EXERCISE MATERIAL.
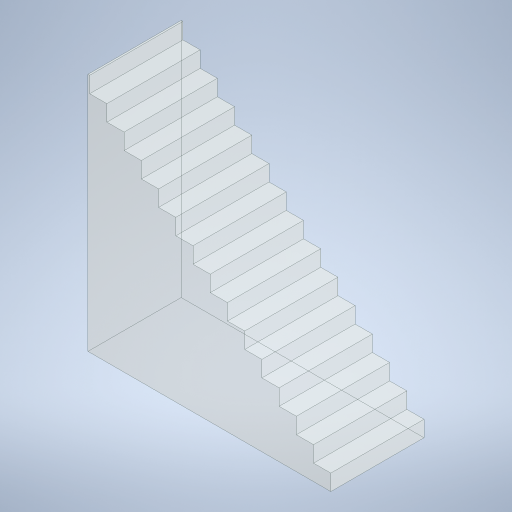
# Autodesk Inventor part: Stairs_Between_Finished_Basement_And_First_Floor
Saved by Autodesk Inventor 2024 (Build 280153000, 153)
## iProperties
Created: 2023-05-16
Part Number: Stairs_Between_Finished_Basement_And_First_Floor
Material: Steel
Document SubType Name: Modeling
Designer: Tom
Density: 7.85 g/cm^3
Appearance: Clear
Mass: 2.17052e+07 g
Surface Area: 147038 cm^2
Volume: 2.765e+06 cm^3
Author: Tom
Autodesk Inventor part; units mm, degrees
ref_plane "YZ Plane" through (0, 0, 0) normal (1, 0, 0) x (0, 1, 0)
ref_plane "XZ Plane" through (0, 0, 0) normal (0, 1, 0) x (-1, 0, 0)
ref_plane "XY Plane" through (0, 0, 0) normal (0, 0, 1) x (1, 0, 0)
sketch "Sketch1" plane through (0, 0, 0) normal (0, 0, 1) x (1, 0, 0)
  line L0 (-190.0464, 176.53) -> (-190.0464, 353.06)
  line L1 (-190.0464, 353.06) -> (-380.0929, 353.06)
  line L2 (-380.0929, 353.06) -> (-380.0929, 529.59)
  line L3 (-380.0929, 529.59) -> (-570.1393, 529.59)
  line L4 (-570.1393, 529.59) -> (-570.1393, 706.12)
  line L5 (-570.1393, 706.12) -> (-760.1857, 706.12)
  line L6 (-760.1857, 706.12) -> (-760.1857, 882.65)
  line L7 (-760.1857, 882.65) -> (-950.2321, 882.65)
  line L8 (-950.2321, 882.65) -> (-950.2321, 1059.18)
  line L9 (-950.2321, 1059.18) -> (-1140.2786, 1059.18)
  line L10 (-1140.2786, 1059.18) -> (-1140.2786, 1235.71)
  line L11 (-1140.2786, 1235.71) -> (-1330.325, 1235.71)
  line L12 (-1330.325, 1235.71) -> (-1330.325, 1412.24)
  line L13 (-1330.325, 1412.24) -> (-1520.3714, 1412.24)
  line L14 (-1520.3714, 1412.24) -> (-1520.3714, 1588.77)
  line L15 (-1520.3714, 1588.77) -> (-1710.4179, 1588.77)
  line L16 (-1710.4179, 1588.77) -> (-1710.4179, 1765.3)
  line L17 (-1710.4179, 1765.3) -> (-1900.4643, 1765.3)
  line L18 (-1900.4643, 1765.3) -> (-1900.4643, 1941.83)
  line L19 (-1900.4643, 1941.83) -> (-2090.5107, 1941.83)
  line L20 (-2090.5107, 1941.83) -> (-2090.5107, 2118.36)
  line L21 (-2090.5107, 2118.36) -> (-2280.5571, 2118.36)
  line L22 (-2280.5571, 2118.36) -> (-2280.5571, 2294.89)
  line L23 (-2280.5571, 2294.89) -> (-2470.6036, 2294.89)
  line L24 (-190.0464, 176.53) -> (0, 176.53)
  line L25 (0, 176.53) -> (0, 0)
  line L26 (0, 0) -> (-2679.7, 0)
  line L27 (-2470.6036, 2294.89) -> (-2470.6036, 2471.42)
  line L28 (-2470.6036, 2471.42) -> (-2660.65, 2471.42)
  line L29 (-2660.65, 2471.42) -> (-2660.65, 2647.95)
  line L30 (-2660.65, 2647.95) -> (-2679.7, 2647.95)
  line L31 (-2679.7, 2647.95) -> (-2679.7, 0)
  point P0 (-2762.8302, 625.5305)
  dimension "d21" = 2647.95
  dimension "d22" = 2679.7
  dimension "d23" = 19.05
  constraints: 64 end point, 27 parallel, 26 perpendicular, 3 horizontal, 3 vertical, 1 coincident
  measures "d21" distance of L30.end L26.end
  measures "d22" distance of L25.end L26.end
  measures "d23" distance of L29.end L30.end
extrude "Extrusion1" add sketch "Sketch1" along normal blind 1028.7
body "Solid1"

WHAT YOU ARE ASKED TO DO. Lines from the one with "line L20 (-2090.5107, 1941.83)" through the last line of the listing above: return these exactly, and nothing else.

OUTPUT FOR THIS EXERCISE.
  line L20 (-2090.5107, 1941.83) -> (-2090.5107, 2118.36)
  line L21 (-2090.5107, 2118.36) -> (-2280.5571, 2118.36)
  line L22 (-2280.5571, 2118.36) -> (-2280.5571, 2294.89)
  line L23 (-2280.5571, 2294.89) -> (-2470.6036, 2294.89)
  line L24 (-190.0464, 176.53) -> (0, 176.53)
  line L25 (0, 176.53) -> (0, 0)
  line L26 (0, 0) -> (-2679.7, 0)
  line L27 (-2470.6036, 2294.89) -> (-2470.6036, 2471.42)
  line L28 (-2470.6036, 2471.42) -> (-2660.65, 2471.42)
  line L29 (-2660.65, 2471.42) -> (-2660.65, 2647.95)
  line L30 (-2660.65, 2647.95) -> (-2679.7, 2647.95)
  line L31 (-2679.7, 2647.95) -> (-2679.7, 0)
  point P0 (-2762.8302, 625.5305)
  dimension "d21" = 2647.95
  dimension "d22" = 2679.7
  dimension "d23" = 19.05
  constraints: 64 end point, 27 parallel, 26 perpendicular, 3 horizontal, 3 vertical, 1 coincident
  measures "d21" distance of L30.end L26.end
  measures "d22" distance of L25.end L26.end
  measures "d23" distance of L29.end L30.end
extrude "Extrusion1" add sketch "Sketch1" along normal blind 1028.7
body "Solid1"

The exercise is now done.